In Pueblo A , an effort to emulate a construction style which had roots in Chaco is apparent in the preplanned footprint of the pueblo as well as some masonry style characteristics incorporated into some of the rooms. The front two rows of storage rooms on the south end of the pueblo and the 3 or 4 storage rooms on the east side of Pueblo A were single story rooms. In one event, the burning pueblo's southern wall fell southward and because it was still articulated, it was documented to be a little over 3 maters tall. The southern two rows of rooms were added to the original configuration of the Pueblo, after the Tri Wall structure had been appended to it. All of the remaining rooms were two stories tall. The central kiva may have been built with rectangular rooms above it so in effect, it may have been a round, masonry enclosed structure that was concealed from view because contemporaneously used rooms surrounded it on all sides, including above it. During the partial excavation of Room 11 in the early 1990's, a subfloor test indicates the likely presence of earlier rooms beneath it, and beneath the central kiva.

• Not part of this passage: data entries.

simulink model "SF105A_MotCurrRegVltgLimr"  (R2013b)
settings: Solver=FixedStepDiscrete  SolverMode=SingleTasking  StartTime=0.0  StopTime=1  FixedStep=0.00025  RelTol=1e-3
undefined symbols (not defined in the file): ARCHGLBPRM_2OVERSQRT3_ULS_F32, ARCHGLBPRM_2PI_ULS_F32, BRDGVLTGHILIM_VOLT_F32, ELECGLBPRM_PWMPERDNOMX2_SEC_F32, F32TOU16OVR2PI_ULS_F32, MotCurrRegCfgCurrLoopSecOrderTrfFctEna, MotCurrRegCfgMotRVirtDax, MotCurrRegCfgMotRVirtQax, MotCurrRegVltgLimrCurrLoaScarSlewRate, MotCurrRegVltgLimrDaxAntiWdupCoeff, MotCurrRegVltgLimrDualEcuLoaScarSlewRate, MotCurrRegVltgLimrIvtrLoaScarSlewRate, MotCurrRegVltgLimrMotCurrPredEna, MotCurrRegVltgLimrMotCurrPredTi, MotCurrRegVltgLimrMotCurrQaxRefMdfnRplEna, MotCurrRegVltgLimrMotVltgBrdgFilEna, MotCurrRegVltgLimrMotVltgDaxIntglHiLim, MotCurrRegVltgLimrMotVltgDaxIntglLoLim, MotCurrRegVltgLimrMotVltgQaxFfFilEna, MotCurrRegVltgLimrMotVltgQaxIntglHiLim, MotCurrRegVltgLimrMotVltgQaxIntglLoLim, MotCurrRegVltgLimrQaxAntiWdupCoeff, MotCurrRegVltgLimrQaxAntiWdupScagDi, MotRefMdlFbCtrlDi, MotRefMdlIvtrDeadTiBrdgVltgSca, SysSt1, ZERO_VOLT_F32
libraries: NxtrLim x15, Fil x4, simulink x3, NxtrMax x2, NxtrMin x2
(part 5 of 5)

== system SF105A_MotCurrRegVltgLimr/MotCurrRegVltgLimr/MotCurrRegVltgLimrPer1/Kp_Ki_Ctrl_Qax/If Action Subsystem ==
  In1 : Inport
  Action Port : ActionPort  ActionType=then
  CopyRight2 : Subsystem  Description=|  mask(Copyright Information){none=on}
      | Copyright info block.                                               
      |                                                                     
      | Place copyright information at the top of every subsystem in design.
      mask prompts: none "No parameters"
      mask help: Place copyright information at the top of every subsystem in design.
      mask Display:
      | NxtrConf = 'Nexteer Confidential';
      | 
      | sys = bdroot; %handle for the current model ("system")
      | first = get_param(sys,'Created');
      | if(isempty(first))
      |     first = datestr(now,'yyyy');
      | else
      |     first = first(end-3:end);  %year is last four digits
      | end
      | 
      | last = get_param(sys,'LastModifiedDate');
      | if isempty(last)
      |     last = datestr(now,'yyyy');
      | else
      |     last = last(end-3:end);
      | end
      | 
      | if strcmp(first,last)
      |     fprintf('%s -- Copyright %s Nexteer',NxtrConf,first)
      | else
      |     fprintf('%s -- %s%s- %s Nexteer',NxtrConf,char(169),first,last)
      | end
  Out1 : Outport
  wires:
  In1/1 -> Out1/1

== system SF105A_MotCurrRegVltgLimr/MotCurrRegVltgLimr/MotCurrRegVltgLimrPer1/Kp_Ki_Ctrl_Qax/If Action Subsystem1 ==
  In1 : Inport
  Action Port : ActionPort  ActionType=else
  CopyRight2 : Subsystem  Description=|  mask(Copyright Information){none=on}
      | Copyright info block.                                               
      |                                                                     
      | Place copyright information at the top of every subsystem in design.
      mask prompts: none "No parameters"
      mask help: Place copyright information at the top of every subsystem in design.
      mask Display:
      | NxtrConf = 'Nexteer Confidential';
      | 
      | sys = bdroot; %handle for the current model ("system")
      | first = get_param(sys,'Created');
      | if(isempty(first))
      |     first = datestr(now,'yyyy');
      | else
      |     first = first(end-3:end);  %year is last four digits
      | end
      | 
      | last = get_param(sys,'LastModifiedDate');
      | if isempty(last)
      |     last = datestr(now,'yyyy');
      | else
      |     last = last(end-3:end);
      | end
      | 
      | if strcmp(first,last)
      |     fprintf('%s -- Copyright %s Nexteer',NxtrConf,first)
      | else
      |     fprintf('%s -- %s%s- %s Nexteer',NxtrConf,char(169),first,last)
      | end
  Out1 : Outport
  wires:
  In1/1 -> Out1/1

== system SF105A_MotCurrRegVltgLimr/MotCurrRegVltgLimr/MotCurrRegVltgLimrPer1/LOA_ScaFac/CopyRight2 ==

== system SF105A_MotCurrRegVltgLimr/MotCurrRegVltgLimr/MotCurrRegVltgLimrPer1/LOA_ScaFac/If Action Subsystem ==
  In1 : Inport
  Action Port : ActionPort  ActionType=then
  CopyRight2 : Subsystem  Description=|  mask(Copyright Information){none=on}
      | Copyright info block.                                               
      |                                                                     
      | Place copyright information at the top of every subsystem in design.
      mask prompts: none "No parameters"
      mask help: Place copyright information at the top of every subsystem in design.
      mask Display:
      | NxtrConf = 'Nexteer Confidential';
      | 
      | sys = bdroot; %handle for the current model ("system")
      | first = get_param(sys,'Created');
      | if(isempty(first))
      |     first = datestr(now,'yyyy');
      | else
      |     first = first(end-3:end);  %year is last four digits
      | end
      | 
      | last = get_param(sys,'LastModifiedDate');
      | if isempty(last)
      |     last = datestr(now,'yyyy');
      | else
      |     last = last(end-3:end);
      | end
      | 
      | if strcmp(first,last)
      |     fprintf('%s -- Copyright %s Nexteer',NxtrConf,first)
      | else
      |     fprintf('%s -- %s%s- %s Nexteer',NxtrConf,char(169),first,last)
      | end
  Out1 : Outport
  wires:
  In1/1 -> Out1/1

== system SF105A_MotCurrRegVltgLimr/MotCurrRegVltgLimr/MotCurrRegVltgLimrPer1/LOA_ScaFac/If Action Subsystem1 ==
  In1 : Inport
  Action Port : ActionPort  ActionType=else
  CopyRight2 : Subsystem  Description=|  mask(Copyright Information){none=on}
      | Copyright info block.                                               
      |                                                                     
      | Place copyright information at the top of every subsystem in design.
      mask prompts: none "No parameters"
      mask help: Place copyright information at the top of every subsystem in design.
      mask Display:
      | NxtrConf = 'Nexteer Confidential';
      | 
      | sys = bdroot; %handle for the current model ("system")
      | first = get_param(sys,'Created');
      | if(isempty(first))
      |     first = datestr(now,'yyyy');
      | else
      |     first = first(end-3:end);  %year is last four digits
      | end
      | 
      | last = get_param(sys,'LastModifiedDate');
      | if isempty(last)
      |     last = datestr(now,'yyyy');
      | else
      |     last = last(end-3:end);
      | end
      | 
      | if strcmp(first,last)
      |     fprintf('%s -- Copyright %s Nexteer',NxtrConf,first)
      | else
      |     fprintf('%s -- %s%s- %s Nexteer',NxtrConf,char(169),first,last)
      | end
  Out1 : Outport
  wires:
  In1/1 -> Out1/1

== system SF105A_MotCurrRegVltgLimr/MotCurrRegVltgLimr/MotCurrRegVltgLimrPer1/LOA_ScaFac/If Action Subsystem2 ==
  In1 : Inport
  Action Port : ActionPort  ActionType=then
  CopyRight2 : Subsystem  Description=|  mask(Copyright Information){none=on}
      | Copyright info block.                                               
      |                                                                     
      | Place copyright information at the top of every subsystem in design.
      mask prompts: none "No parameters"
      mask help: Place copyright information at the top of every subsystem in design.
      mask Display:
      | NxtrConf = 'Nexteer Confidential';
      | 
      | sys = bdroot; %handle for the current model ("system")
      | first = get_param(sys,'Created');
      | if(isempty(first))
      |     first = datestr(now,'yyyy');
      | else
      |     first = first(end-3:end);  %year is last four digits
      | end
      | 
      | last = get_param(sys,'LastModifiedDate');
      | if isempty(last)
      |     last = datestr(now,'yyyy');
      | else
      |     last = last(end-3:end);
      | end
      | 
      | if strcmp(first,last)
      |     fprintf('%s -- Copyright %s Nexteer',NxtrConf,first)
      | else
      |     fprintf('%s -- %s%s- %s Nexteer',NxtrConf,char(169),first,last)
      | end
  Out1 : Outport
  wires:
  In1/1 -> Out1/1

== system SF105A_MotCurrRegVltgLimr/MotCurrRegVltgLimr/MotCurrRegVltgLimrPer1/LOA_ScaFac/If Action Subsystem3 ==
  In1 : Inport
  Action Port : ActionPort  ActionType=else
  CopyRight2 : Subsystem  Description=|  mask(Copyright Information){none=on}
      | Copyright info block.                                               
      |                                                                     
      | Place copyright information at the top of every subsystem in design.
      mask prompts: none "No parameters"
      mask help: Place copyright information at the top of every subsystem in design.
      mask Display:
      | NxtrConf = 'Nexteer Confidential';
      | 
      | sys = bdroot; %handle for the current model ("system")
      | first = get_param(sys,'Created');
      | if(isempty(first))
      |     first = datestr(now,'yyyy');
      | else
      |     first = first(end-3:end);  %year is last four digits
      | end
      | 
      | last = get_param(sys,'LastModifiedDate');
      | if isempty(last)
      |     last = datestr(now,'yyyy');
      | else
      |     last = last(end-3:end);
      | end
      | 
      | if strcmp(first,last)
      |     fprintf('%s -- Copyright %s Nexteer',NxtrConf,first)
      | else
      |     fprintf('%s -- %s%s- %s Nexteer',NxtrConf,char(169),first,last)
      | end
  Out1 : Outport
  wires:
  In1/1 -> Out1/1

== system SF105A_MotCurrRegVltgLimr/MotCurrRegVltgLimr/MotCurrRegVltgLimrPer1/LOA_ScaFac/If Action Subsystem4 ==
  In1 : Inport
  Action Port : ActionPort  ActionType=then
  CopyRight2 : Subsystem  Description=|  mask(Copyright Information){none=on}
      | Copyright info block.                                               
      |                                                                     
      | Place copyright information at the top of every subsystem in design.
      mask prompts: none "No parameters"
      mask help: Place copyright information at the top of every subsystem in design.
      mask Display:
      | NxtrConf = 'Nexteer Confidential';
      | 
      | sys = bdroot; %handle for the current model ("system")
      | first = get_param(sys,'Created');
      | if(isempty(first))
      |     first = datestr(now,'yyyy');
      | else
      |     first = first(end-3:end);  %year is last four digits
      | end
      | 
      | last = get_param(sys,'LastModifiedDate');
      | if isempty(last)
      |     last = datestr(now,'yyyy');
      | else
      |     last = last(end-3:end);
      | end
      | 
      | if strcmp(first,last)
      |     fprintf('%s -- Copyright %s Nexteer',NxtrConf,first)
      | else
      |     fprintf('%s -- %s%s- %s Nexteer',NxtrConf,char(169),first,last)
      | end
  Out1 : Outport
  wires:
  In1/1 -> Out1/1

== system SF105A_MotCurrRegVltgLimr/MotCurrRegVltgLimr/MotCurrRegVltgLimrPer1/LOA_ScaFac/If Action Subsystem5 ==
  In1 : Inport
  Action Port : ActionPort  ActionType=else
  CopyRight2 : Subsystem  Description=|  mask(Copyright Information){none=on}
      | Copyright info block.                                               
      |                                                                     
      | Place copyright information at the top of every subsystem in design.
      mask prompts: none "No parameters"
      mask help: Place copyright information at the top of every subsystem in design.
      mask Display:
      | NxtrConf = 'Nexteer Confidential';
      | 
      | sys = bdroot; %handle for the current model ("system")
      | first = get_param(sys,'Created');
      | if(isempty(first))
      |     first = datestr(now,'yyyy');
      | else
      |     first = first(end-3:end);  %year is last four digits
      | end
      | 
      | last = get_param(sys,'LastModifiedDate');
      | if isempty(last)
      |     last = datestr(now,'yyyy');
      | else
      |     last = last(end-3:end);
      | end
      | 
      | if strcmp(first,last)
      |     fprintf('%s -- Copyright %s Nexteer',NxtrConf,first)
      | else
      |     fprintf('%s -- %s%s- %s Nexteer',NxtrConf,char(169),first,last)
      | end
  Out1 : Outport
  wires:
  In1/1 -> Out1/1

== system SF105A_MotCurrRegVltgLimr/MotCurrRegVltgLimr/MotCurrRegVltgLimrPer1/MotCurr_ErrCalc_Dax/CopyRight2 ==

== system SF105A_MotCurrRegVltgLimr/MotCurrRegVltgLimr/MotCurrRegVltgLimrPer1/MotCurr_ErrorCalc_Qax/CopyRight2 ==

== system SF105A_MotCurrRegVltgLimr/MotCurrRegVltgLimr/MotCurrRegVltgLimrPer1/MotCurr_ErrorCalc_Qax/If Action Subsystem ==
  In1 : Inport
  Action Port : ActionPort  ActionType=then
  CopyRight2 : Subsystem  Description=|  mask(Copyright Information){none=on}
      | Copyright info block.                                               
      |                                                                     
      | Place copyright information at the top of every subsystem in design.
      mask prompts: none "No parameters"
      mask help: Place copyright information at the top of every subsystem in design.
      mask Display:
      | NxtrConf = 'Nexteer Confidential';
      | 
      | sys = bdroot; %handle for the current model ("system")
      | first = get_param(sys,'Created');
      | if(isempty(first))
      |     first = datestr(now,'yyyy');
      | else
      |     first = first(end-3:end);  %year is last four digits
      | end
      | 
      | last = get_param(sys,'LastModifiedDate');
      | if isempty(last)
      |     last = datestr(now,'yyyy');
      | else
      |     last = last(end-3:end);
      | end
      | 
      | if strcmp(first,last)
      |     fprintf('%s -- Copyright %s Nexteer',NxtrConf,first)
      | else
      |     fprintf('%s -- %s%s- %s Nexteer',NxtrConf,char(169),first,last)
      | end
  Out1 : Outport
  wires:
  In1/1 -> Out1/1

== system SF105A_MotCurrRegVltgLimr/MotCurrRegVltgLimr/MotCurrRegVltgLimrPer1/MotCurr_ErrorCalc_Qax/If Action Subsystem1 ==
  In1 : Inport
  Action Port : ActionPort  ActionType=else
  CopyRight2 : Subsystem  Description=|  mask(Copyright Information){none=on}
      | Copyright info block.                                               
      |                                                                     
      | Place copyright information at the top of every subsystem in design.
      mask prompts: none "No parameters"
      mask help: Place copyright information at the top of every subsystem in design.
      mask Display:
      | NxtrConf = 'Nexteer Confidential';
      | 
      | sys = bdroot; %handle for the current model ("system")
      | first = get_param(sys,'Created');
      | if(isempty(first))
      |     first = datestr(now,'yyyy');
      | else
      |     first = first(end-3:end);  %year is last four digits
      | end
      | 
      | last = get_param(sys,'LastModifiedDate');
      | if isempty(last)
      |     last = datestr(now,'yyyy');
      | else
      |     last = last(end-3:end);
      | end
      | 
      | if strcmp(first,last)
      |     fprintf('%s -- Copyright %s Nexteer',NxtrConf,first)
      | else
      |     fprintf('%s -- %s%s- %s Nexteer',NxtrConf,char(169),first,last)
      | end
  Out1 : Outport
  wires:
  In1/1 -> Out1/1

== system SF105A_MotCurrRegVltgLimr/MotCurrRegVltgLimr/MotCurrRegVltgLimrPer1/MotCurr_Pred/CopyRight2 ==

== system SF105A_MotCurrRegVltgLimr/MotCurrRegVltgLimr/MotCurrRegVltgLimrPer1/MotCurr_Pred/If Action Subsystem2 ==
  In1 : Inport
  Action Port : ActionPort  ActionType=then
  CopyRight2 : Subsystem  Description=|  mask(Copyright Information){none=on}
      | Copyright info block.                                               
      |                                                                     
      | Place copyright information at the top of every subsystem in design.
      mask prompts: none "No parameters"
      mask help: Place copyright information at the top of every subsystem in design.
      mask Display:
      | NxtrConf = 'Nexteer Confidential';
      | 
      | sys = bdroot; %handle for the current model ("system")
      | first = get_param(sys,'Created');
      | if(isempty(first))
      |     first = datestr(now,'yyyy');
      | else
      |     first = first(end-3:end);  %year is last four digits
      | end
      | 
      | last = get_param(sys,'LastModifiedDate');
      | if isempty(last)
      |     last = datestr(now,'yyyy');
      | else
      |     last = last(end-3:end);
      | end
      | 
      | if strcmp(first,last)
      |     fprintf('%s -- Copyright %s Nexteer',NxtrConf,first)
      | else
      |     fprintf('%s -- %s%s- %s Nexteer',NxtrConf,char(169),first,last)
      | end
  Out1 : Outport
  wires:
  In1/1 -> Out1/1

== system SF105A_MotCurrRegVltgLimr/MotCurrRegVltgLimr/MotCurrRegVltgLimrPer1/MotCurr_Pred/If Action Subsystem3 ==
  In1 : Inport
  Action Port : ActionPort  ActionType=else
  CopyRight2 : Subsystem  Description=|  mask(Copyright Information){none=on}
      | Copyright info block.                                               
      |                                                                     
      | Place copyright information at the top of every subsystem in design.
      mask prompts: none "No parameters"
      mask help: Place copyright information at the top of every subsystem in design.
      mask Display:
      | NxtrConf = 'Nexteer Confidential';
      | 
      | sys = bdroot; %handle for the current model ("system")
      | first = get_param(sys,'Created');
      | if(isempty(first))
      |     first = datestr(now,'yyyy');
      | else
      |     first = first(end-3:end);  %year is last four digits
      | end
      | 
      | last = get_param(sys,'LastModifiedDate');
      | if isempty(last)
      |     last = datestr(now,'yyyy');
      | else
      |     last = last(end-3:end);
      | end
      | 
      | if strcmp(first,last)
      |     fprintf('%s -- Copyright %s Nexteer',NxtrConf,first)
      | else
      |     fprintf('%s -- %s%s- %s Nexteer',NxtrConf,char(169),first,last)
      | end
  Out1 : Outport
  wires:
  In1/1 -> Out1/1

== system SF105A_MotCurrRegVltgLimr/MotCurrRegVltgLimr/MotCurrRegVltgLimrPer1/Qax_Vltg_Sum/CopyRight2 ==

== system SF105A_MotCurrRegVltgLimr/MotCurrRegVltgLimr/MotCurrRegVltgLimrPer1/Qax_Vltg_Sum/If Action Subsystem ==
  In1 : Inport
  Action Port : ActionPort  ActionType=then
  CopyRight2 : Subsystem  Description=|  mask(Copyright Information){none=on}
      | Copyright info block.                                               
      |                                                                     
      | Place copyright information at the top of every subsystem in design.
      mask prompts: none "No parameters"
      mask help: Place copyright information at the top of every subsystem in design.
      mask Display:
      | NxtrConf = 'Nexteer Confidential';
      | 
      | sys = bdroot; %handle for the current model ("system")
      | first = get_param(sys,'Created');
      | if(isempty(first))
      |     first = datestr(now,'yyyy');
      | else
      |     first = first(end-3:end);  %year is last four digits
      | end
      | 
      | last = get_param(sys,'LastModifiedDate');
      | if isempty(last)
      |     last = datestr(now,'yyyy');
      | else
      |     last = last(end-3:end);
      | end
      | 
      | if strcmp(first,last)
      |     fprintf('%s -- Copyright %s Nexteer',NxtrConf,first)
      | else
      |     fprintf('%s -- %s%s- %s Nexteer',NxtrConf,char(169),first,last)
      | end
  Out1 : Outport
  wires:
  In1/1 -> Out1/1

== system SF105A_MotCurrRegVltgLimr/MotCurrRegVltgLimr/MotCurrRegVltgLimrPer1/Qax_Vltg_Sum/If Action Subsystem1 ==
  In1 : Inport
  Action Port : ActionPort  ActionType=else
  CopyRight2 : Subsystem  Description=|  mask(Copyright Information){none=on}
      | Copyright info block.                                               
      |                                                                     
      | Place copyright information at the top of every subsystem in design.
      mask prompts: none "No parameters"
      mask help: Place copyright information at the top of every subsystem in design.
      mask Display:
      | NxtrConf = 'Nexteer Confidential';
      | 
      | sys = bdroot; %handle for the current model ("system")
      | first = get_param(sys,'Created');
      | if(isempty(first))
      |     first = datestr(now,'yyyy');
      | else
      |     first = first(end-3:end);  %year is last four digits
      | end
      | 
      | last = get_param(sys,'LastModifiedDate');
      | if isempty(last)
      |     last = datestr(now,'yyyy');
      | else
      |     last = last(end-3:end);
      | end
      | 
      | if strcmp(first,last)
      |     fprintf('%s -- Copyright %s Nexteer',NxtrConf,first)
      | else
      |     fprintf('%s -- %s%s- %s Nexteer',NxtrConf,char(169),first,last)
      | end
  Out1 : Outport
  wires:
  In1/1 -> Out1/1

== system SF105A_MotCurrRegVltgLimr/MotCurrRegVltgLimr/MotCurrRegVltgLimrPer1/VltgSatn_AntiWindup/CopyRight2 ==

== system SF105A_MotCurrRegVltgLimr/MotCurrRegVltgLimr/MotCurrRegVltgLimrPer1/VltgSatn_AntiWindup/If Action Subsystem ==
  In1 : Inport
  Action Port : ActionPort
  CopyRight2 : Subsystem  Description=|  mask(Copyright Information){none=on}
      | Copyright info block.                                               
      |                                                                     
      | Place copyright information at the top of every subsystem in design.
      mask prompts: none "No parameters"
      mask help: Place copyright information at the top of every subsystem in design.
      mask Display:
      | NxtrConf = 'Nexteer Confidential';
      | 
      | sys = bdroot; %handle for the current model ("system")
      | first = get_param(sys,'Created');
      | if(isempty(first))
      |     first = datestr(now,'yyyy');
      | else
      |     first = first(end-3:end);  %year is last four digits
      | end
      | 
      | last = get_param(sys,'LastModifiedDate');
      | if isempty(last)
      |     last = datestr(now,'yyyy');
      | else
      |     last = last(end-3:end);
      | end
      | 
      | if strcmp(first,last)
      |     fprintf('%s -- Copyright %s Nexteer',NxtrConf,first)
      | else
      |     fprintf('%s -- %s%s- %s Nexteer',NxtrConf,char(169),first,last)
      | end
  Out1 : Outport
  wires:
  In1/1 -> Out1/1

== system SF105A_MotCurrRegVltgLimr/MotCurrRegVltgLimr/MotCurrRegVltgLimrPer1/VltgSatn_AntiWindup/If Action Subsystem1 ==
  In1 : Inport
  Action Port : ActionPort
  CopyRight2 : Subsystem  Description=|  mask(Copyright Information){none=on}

Another interesting item in regard to the preplanned footprint of Pueblo A is that only two of the 22 ground floor rooms were habitation rooms. They are the only square shaped rooms in the pueblo, a trait that was also found at Salmon Ruins in Bloomfield NM. The second story rooms above these two rooms were also used for domestic activities such as cooking and sleeping but were evidently not used for grinding operations. Both the upper and lower floor rooms were directly connected via roof hatchways. In the Summer of 2015 or 2016, the area on the west side of the west wall doorway in Room 18 will be tested to determine how that space was used.
Kiva A has been a fascinating bit of discovery. Some of its masonry is of a finer style than appears to be the norm at Mitchell Springs. Like Room 18, Kiva A also burned in a cataclysmic fire that ended the occupation of Pueblo A and possibly the entire Mitchell Springs Community. It has no southern recess which is not the norm for kivas built and used during this time period in the Montezuma Valley. In the space that is often reserved for a southern recess, an elaborate ventilator feature was engineered and constructed. This feature brought fresh air down into the kiva chamber from either the floor of the room above it or from atop Pueblo A. The pressure differential between the dark spaces in Kiva A in the belly of the pueblo, to the sunlit intake point 20 feet above (on the roof of Pueblo A), would have created a natural circulating cooling effect in the summer months. Regulating the airflow into the ventilator would prevent too much cold air from entering during cold nights. On one of the masonry stones that was used to create the elaborated ventilator feature (see photo below Left), an interesting petroglyph was carved.